▶ _TASK DIRECTIONS_
Pull every line holding the word "against" from the data below and copy it.

▶ _SUPPLIED RECORDS_
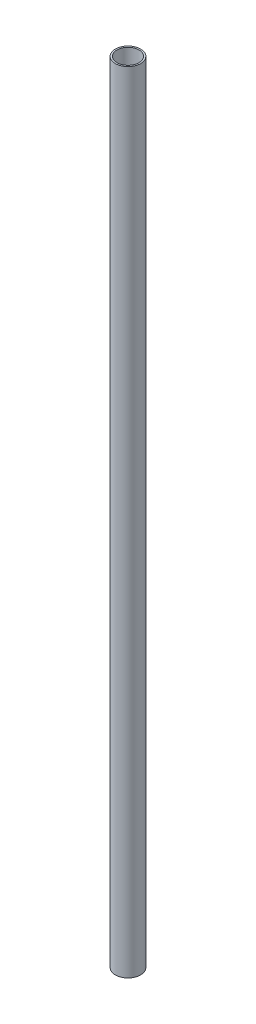
SolidWorks part; units mm, degrees
material "Thornel Mat VMA"
ref_plane "Front Plane" through (0, 0, 0) normal (0, 0, 1) x (1, 0, 0)
ref_plane "Top Plane" through (0, 0, 0) normal (0, 1, 0) x (1, 0, 0)
ref_plane "Right Plane" through (0, 0, 0) normal (1, 0, 0) x (0, 0, -1)
sketch "Sketch1" plane through (0, 0, 0) normal (0, 1, 0) x (1, 0, 0)
  circle A0 centre (0, 0) radius 8
  circle A1 centre (0, 0) radius 7
  dimension "D1" = 16
  dimension "D2" = 14
extrude "Boss-Extrude1" add sketch "Sketch1" along normal mid plane 500
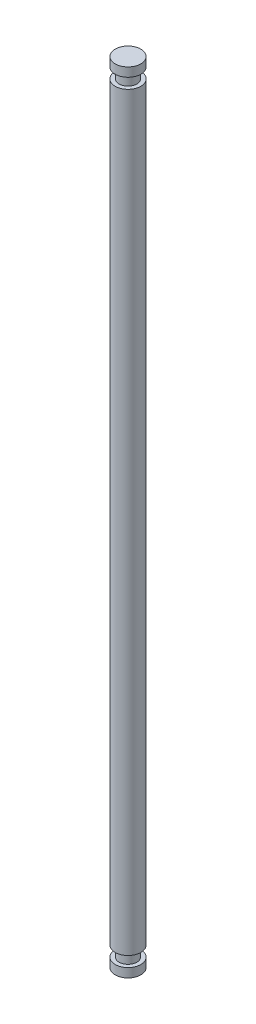
SolidWorks part; units mm, degrees
ref_plane "Front Plane" through (0, 0, 0) normal (1, 0, 0) x (0, 1, 0)
ref_plane "Top Plane" through (0, 0, 0) normal (0, 0, 1) x (0, 1, 0)
ref_plane "Right Plane" through (0, 0, 0) normal (0, 1, 0) x (-1, 0, 0)
sketch "Sketch1" plane through (0, 0, 0) normal (0, 0, 1) x (0, 1, 0)
  line L0 (-976.376, 0) -> (-976.376, 31.7309)
  line L1 (-976.376, 31.7309) -> (-954.024, 31.7309)
  line L2 (-954.024, 31.7309) -> (-954.024, 22.0218)
  line L3 (-954.024, 22.0218) -> (-928.2176, 22.0218)
  line L4 (-928.2176, 22.0218) -> (-928.2176, 31.7309)
  line L5 (-928.2176, 31.7309) -> (928.3446, 31.7309)
  line L6 (928.3446, 31.7309) -> (928.3446, 22.0218)
  line L7 (928.3446, 22.0218) -> (954.151, 22.0218)
  line L8 (954.151, 22.0218) -> (954.151, 31.7309)
  line L9 (954.151, 31.7309) -> (976.376, 31.7309)
  line L10 (976.376, 31.7309) -> (976.376, 0)
  line L11 (976.376, 0) -> (-976.376, 0)
  line L12 (-1001.776, 0) -> (1001.776, 0) construction
  dimension "D1" = 22.225
  dimension "D2" = 48.0314
  dimension "D3" = 1904.5936
  dimension "D4" = 1930.4
  dimension "D5" = 1952.752
  dimension "D6" = 9.7092
  dimension "D7" = 31.7309
revolve "Revolve1" add sketch "Sketch1" angle 360 about L12
sketch "Sketch2" plane through (0, 0, 0) normal (0, 1, 0) x (-1, 0, 0)
  line L1 (24.6062, -6.35) -> (88.0682, -6.35)
  line L2 (24.6062, -6.35) -> (24.6062, 6.35)
  line L3 (24.6062, 6.35) -> (88.0682, 6.35)
  line L4 (88.0682, -6.35) -> (88.0682, 6.35)
  dimension "D1" = 63.4619
  dimension "D2" = 12.7
extrude "Cut-Extrude2" cut sketch "Sketch2" along normal blind 1856.5622 from offset 928.2176
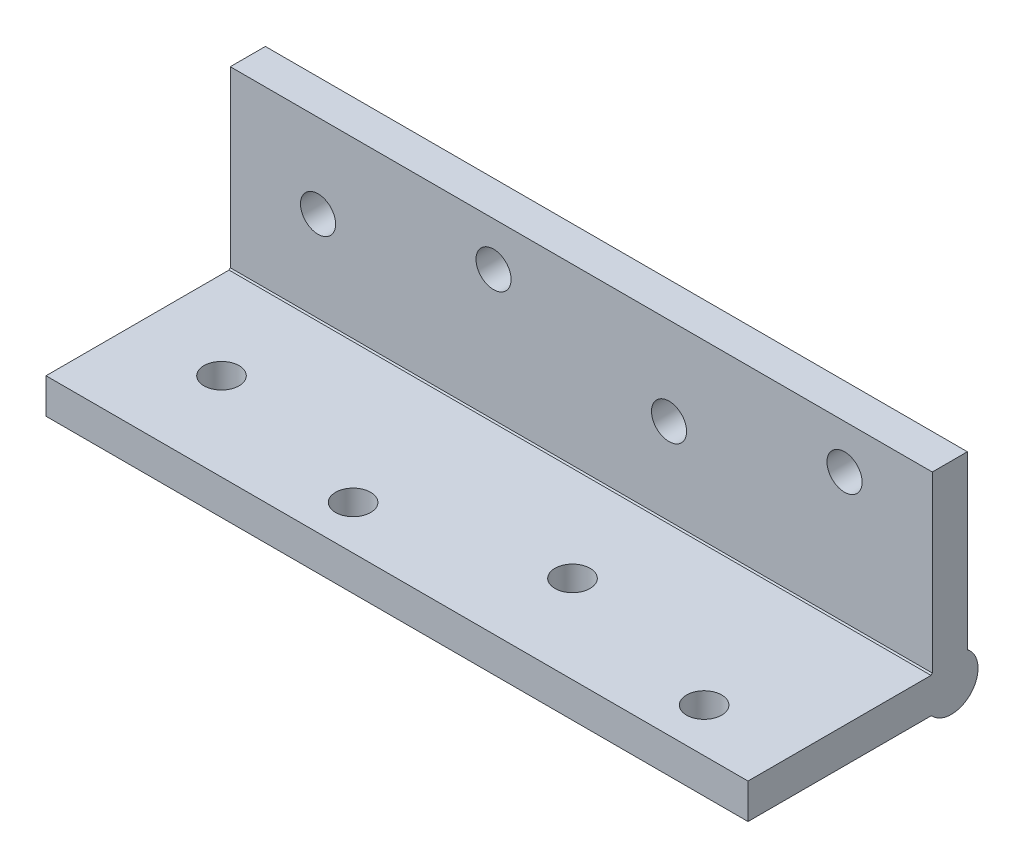
SolidWorks part; units mm, degrees
ref_plane "Front Plane" through (0, 0, 0) normal (0, 0, 1) x (1, 0, 0)
ref_plane "Top Plane" through (0, 0, 0) normal (0, 1, 0) x (1, 0, 0)
ref_plane "Right Plane" through (0, 0, 0) normal (1, 0, 0) x (0, 0, -1)
sketch "Sketch1" plane through (0, 0, 0) normal (0, 1, 0) x (1, 0, 0)
  line L1 (-40, 12.5) -> (40, 12.5)
  line L2 (-40, 12.5) -> (-40, -12.5)
  line L3 (-40, -12.5) -> (40, -12.5)
  line L4 (40, 12.5) -> (40, -12.5)
  line L5 (-40, 12.5) -> (40, -12.5) construction
  line L6 (-40, -12.5) -> (40, 12.5) construction
  point P0 (0, 0)
  dimension "D1" = 25
  dimension "D2" = 80
extrude "Boss-Extrude1" add sketch "Sketch1" along normal blind 4
sketch "Sketch2" plane through (0, 4, 0) normal (0, 1, 0) x (1, 0, 0)
  line L0 (40, -12.5) -> (40, 12.5) construction
  line L1 (-40, 12.5) -> (40, 12.5)
  line L2 (-40, 12.5) -> (-40, 8.5)
  line L3 (-40, 8.5) -> (40, 8.5)
  line L4 (40, 12.5) -> (40, 8.5)
  dimension "D1" = 4
extrude "Boss-Extrude2" add sketch "Sketch2" along normal blind 20
sketch "Sketch3" plane through (-40, 0, 0) normal (-1, 0, 0) x (0, 0, 1)
  circle A0 centre (-10.6734, 2.0282) radius 3.0428
extrude "Boss-Extrude3" add sketch "Sketch3" against normal blind 80
sketch "Sketch4" plane through (0, 0, -12.5) normal (0, 0, -1) x (-1, 0, 0)
  line L0 (-40, 4.4617) -> (40, 4.4617) construction
  line L1 (-40, 24) -> (40, 24) construction
  line L2 (40, 24) -> (40, 4.4617) construction
  line L3 (-40, 24) -> (-40, 4.4617) construction
  circle A0 centre (30, 14.4617) radius 2
  circle A1 centre (-10, 14) radius 2
  circle A2 centre (10, 19) radius 2
  circle A3 centre (-30, 19) radius 2
  dimension "D2" = 4
  dimension "D3" = 4
  dimension "D4" = 4
  dimension "D8" = 4
  dimension "D1" = 10
  dimension "D5" = 5
  dimension "D6" = 5
  dimension "D7" = 10
  dimension "D9" = 10
  dimension "D10" = 30
  dimension "D11" = 30
  dimension "D12" = 10
extrude "Cut-Extrude1" cut sketch "Sketch4" against normal blind 80
sketch "Sketch5" plane through (0, 0, 0) normal (0, -1, 0) x (1, 0, 0)
  line L0 (-40, -8.4052) -> (-40, 12.5) construction
  line L1 (40, 12.5) -> (40, -8.4052) construction
  line L2 (-40, 12.5) -> (40, 12.5) construction
  circle A0 centre (-30, 2.5) radius 2
  circle A1 centre (-10, 7.5) radius 2
  circle A2 centre (10, 2.5) radius 2
  circle A3 centre (30, 7.5) radius 2
  dimension "D1" = 4
  dimension "D2" = 4
  dimension "D3" = 4
  dimension "D4" = 4
  dimension "D5" = 10
  dimension "D6" = 30
  dimension "D7" = 30
  dimension "D8" = 10
  dimension "D9" = 5
  dimension "D10" = 5
  dimension "D11" = 10
  dimension "D12" = 10
extrude "Cut-Extrude2" cut sketch "Sketch5" against normal blind 80
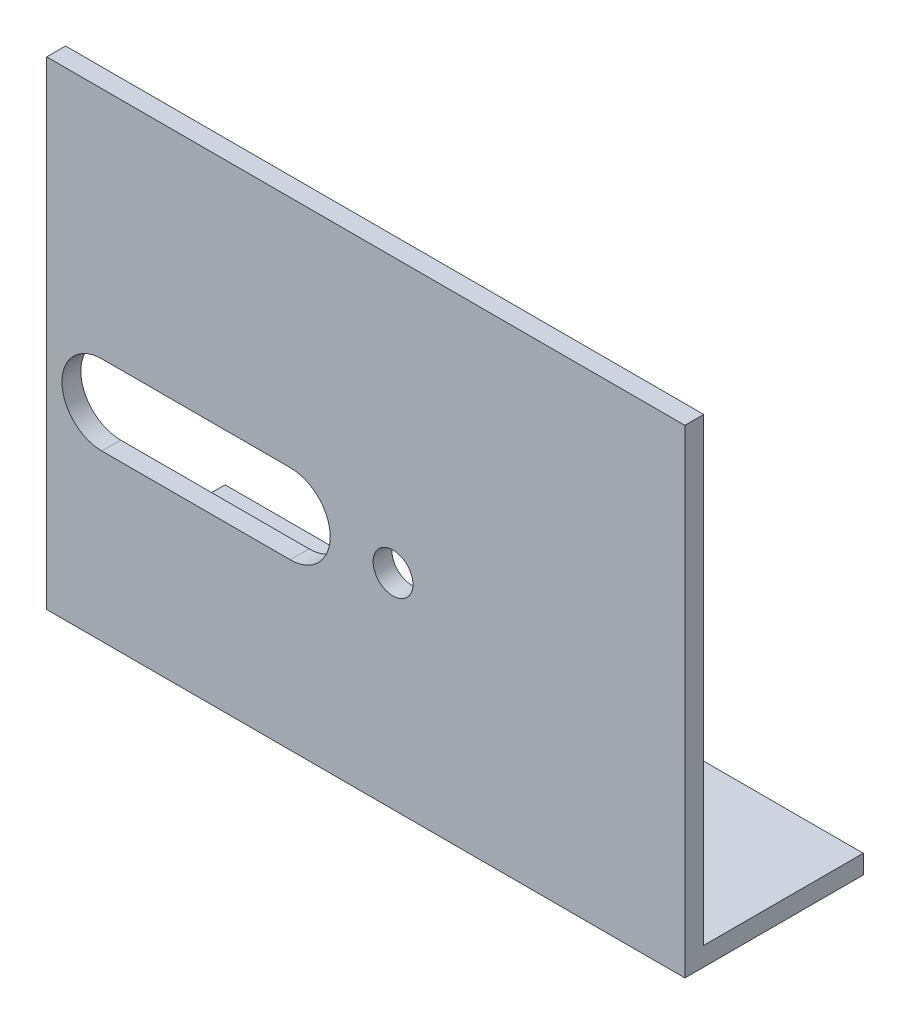
SolidWorks part; units mm, degrees
ref_plane "Alzado" through (0, 0, 0) normal (0, 0, 1) x (1, 0, 0)
ref_plane "Planta" through (0, 0, 0) normal (0, 1, 0) x (1, 0, 0)
ref_plane "Vista lateral" through (0, 0, 0) normal (1, 0, 0) x (0, 0, -1)
sketch "Croquis1" plane through (0, 0, 0) normal (0, 0, 1) x (1, 0, 0)
  line L1 (50.8, -38.1) -> (-50.8, -38.1)
  line L2 (50.8, -38.1) -> (50.8, 38.1)
  line L3 (50.8, 38.1) -> (-50.8, 38.1)
  line L4 (-50.8, -38.1) -> (-50.8, 38.1)
  line L5 (50.8, -38.1) -> (-50.8, 38.1) construction
  line L6 (50.8, 38.1) -> (-50.8, -38.1) construction
  point P0 (0, 0)
  dimension "D1" = 101.6
  dimension "D2" = 76.2
extrude "Saliente-Extruir1" add sketch "Croquis1" along normal blind 3
sketch "Croquis2" plane through (0, 0, 0) normal (0, 0, -1) x (-1, 0, 0)
  line L0 (50.8, 38.1) -> (50.8, -38.1) construction
  line L1 (-50.8, -38.1) -> (50.8, -38.1)
  line L2 (-50.8, -38.1) -> (-50.8, -35.1)
  line L3 (-50.8, -35.1) -> (50.8, -35.1)
  line L4 (50.8, -38.1) -> (50.8, -35.1)
  dimension "D1" = 3
extrude "Saliente-Extruir2" add sketch "Croquis2" along normal blind 25.4
sketch "Croquis3" plane through (0, 0, 3) normal (0, 0, 1) x (1, 0, 0)
  line L0 (-42.02, -5.5) -> (-12.02, -5.5) construction
  line L1 (-42.02, 0.85) -> (-12.02, 0.85)
  line L2 (-42.02, -11.85) -> (-12.02, -11.85)
  line L3 (-50.8, 38.1) -> (-50.8, -38.1) construction
  line L4 (-50.8, -38.1) -> (50.8, -38.1) construction
  line L5 (-5.67, -5.5) -> (4.33, -5.5) construction
  arc A0 (-42.02, 0.85) -> (-42.02, -11.85) centre (-42.02, -5.5) ccw
  arc A1 (-12.02, -11.85) -> (-12.02, 0.85) centre (-12.02, -5.5) ccw
  circle A2 centre (4.33, -5.5) radius 3.175
  point P2 (-27.02, -5.5)
  point P7 (-48.37, -5.5)
  dimension "D6" = 6.35
  dimension "D1" = 2.43
  dimension "D2" = 32.6
  dimension "D3" = 30
  dimension "D4" = 12.7
  dimension "D5" = 10
extrude "Cortar-Extruir1" cut sketch "Croquis3" against normal through all
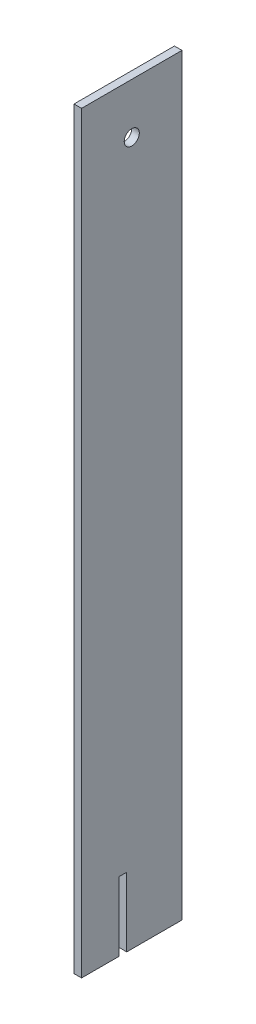
SolidWorks part; units mm, degrees
ref_plane "Front Plane" through (0, 0, 0) normal (0, 0, 1) x (1, 0, 0)
ref_plane "Top Plane" through (0, 0, 0) normal (0, 1, 0) x (1, 0, 0)
ref_plane "Right Plane" through (0, 0, 0) normal (1, 0, 0) x (0, 0, -1)
sketch "Sketch1" plane through (0, 0, 0) normal (1, 0, 0) x (0, 0, -1)
  line L1 (-20, -150) -> (20, -150)
  line L2 (-20, -150) -> (-20, 150)
  line L3 (-20, 150) -> (20, 150)
  line L4 (20, -150) -> (20, 150)
  line L5 (0, 150) -> (0, -150) construction
  line L6 (-20, 0) -> (20, 0) construction
  point P0 (0, 0)
  dimension "D1" = 300
  dimension "D2" = 40
extrude "Boss-Extrude1" add sketch "Sketch1" along normal blind 3
sketch "Sketch2" plane through (3, 0, 0) normal (1, 0, 0) x (0, 0, -1)
  line L0 (-20, 130) -> (20, 130) construction
  line L1 (-20, 150) -> (-20, -150) construction
  line L2 (20, -150) -> (20, 150) construction
  line L3 (20, 150) -> (-20, 150) construction
  circle A0 centre (0, 130) radius 3
  dimension "D1" = 20
extrude "Cut-Extrude1" cut sketch "Sketch2" against normal blind 3
sketch "Sketch3" plane through (3, 0, 0) normal (1, 0, 0) x (0, 0, -1)
  line L0 (-2, -122.5) -> (-2, -150) construction
  line L1 (-20, -150) -> (20, -150) construction
  line L2 (-5, -122.5) -> (-5, -150) construction
  line L4 (-2, -122.5) -> (-5, -122.5)
  line L5 (-2, -122.5) -> (-2, -150)
  line L6 (-2, -150) -> (-5, -150)
  line L7 (-5, -122.5) -> (-5, -150)
extrude "Cut-Extrude2" cut sketch "Sketch3" against normal blind 3

▶ _RESULT BELOW_
extrude "Boss-Extrude3" add sketch "Sketch3" against normal blind 80
extrude "Cut-Extrude1" cut sketch "Sketch4" against normal blind 80
extrude "Cut-Extrude2" cut sketch "Sketch5" against normal blind 80
extrude "Cortar-Extruir1" cut sketch "Croquis3" against normal through all
extrude "Cut-Extrude1" cut sketch "Sketch2" against normal blind 3
extrude "Cut-Extrude2" cut sketch "Sketch3" against normal blind 3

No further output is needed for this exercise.